これが、ほんとのドキュメンタリーなのかも。
一昨日放送されたNHKスペシャル「”樹木希林”を生きる」。
「私を撮ってもいいわよ」長期密着取材が始まったのは去年の6月。
全身がんに冒されていることを公表した後も
淡々と軽やかに女優とし生きた樹木希林さんに向き合った作品は
結果的に希林さんが出演する最後のドキュメンタリーとなりました。
とにかく、圧倒された。凄い人だ。美しい人だ。
ディレクターさんは小さなカメラでただただ愚直に密着する。
カッコいいトヨタの古い車を一人運転して現場に向かう希林さん。
メイクさんや若いスタッフに気働きを利かせる希林さん。
長い待ち時間で体が硬直、ゆっくりゆっくり体を起こす希林さん。
4本の映画に立て続けに出演する日々をただただ追う。
時々、気弱そうな質問をまじえながら。
そんな密着カメラに希林さんはある時いらだちを見せる。
あなたは何を撮りたいの?アタシからは何も出ないわよ。
こうやって追いかけていて、ちゃんと作品になるの?
自分がディレクターさんの立場だったら、多分死にたくなる。
取材対象者から試され、心配されたら、いったいどうしたらいんだ。
困った彼はいつのまにか自分自身の内面をさらけだしていた。
肝心の時に曖昧にする自分、逃げる自分、
だから妻との関係もうまくいかないと結婚生活まで吐露する。
番組とは全く関係ない取材者自身の心の裡を語る声は
気のせいでなければ、最後、涙ぐんでいたようにも聞こえた。
普通のドキュメンタリーならば、仮に取材過程でこういう場面があったとしても
多分編集段階でカットされていると思うけれど、
この作品は、正直だった。
時折混じる気弱そうなインタビューの声を聴いて、
最初は大丈夫かな、このディレクターさん、と心配になったけれど、
いや、この人だから、希林さんは、
残り少ない自分の命を撮らせようとしたのかもしれないと思いました。
取材対象に予断を持たず、真摯に向き合う、人間としての正直さ。
迷い、悩み、こんがらがりながらも、投げ出さない。
わからないことを恥とせず、全部背負ってカメラを向ける。
希林さんの心のアンテナに、きっと何かが触れたんだ、な、きっと。
正直なカメラが捉えた希林さんは、美しかった。
手鏡の中の自分の顔をじっと見て、法令線を撫でながら、呟く。
「これ、みんな伸ばそうとするんだれど、これがいいのよね」。
老いていくこと、年を重ねること、病をえること、命の限りを知ること。
あるがままの自分を引き受ける女優の肌は
赤子のように滑らかで無垢な透明感があって、本当に美しかった。
そんな希林さんに髪を整えようとした若いメイクさんが
「どうしますか?」と意向を尋ねた時の場面。
「私はイメージ持ってないから、あなたの思うようにやって。

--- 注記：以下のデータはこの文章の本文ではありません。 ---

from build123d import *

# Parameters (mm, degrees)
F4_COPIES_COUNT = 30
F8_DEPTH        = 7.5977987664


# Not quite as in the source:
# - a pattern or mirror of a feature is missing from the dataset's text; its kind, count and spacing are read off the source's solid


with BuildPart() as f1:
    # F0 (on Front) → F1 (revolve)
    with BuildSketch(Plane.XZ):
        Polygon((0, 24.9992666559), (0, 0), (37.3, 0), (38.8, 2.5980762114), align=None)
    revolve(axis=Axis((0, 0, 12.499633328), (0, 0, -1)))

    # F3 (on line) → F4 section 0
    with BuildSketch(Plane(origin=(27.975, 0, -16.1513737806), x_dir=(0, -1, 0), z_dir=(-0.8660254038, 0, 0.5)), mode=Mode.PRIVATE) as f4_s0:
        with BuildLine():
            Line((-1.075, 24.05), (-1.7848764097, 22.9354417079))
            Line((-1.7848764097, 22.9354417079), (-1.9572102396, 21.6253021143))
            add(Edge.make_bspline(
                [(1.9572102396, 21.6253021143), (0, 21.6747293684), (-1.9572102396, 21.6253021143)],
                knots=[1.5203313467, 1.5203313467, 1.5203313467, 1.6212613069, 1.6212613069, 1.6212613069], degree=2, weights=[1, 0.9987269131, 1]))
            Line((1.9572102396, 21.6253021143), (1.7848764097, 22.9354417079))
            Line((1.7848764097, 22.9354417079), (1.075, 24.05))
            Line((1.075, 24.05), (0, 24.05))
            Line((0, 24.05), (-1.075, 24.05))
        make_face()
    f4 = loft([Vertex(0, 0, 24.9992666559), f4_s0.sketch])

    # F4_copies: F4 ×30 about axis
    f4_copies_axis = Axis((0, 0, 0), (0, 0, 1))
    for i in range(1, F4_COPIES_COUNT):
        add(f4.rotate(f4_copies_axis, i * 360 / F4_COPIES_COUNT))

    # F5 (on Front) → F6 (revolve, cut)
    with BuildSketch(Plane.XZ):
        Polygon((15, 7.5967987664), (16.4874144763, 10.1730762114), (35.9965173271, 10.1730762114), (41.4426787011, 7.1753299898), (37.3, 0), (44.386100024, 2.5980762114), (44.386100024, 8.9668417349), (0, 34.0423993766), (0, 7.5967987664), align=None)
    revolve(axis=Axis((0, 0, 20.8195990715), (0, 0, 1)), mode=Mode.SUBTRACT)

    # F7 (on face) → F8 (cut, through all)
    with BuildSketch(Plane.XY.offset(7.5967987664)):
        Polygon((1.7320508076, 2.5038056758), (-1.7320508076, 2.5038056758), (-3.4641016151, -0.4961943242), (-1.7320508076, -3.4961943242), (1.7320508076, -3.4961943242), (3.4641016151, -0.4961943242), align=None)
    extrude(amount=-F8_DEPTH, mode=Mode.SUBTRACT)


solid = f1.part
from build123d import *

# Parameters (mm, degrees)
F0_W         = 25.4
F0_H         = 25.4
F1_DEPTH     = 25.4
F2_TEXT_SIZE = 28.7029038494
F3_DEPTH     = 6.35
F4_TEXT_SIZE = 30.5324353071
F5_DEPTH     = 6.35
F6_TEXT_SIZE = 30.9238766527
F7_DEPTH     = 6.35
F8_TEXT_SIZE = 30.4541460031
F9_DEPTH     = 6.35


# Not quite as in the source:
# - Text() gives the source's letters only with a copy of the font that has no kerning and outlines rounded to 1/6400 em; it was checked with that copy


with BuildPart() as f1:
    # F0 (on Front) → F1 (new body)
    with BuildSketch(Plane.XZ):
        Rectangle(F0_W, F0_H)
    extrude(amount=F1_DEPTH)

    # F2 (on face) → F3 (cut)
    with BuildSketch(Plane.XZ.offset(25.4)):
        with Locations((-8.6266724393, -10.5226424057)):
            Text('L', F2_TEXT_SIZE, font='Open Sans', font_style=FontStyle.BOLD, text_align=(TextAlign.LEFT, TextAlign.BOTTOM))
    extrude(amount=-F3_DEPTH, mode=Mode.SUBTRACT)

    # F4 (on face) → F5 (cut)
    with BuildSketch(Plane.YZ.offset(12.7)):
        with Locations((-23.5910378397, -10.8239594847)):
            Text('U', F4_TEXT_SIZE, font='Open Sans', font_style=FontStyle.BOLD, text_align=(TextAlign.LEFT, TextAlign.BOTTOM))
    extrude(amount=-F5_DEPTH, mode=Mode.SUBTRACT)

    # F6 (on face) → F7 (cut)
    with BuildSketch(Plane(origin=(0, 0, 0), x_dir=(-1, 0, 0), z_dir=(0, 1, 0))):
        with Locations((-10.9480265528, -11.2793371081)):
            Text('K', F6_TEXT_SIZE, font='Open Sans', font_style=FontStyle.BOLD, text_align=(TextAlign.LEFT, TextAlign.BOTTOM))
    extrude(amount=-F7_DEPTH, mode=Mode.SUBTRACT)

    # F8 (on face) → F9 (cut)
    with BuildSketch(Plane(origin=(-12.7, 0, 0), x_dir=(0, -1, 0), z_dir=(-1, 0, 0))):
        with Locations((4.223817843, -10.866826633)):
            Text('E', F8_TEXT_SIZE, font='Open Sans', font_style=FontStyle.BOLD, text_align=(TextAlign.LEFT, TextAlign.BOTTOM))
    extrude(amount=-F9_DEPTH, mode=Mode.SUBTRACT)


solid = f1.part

私に聞かないで」。
ぴしゃりと突き放したように言った後、手を動かし始めたメイクさんに呟く。
「大丈夫よ、あなたに責任なんか負わせないから」。
あああ・・・”樹木希林”は、人を育てようとしていたのだ。
人を活かそうとしていたのだ。最後の最後まで。
作品の終盤、希林さんは自らのPET画像までカメラに見せる。
自分の余命宣告すら、作品の肝に差し出そうとする度量。
自分が美しくあろうとジタバタするか、
人を輝かせるためにジタバタするか。
女優さんの生き方は色々あるだろうけれど、
”樹木希林”は美しい人だった。
ドキュメンタリーのラストカット。
結果的に生涯最後の撮影となった出番を終えて、
ロケ現場の薄暗い廊下をゆっくりゆっくり歩いて遠ざかる後ろ姿を
密着カメラがそっと追う。もう夜遅い時間。
美しい人は最後の言葉まで、人を思いやっていた。
「あなた電車なくなっちゃうんじゃないの?」。
希林さん。
自分の法令線を愛します。
つまらないことで
ジタバタしません。
美しい人よ。
(写真は)
六花亭のお月見和菓子。
「名月」。
今年の名月はことのほか美しかった。
色々あった秋だから、かな。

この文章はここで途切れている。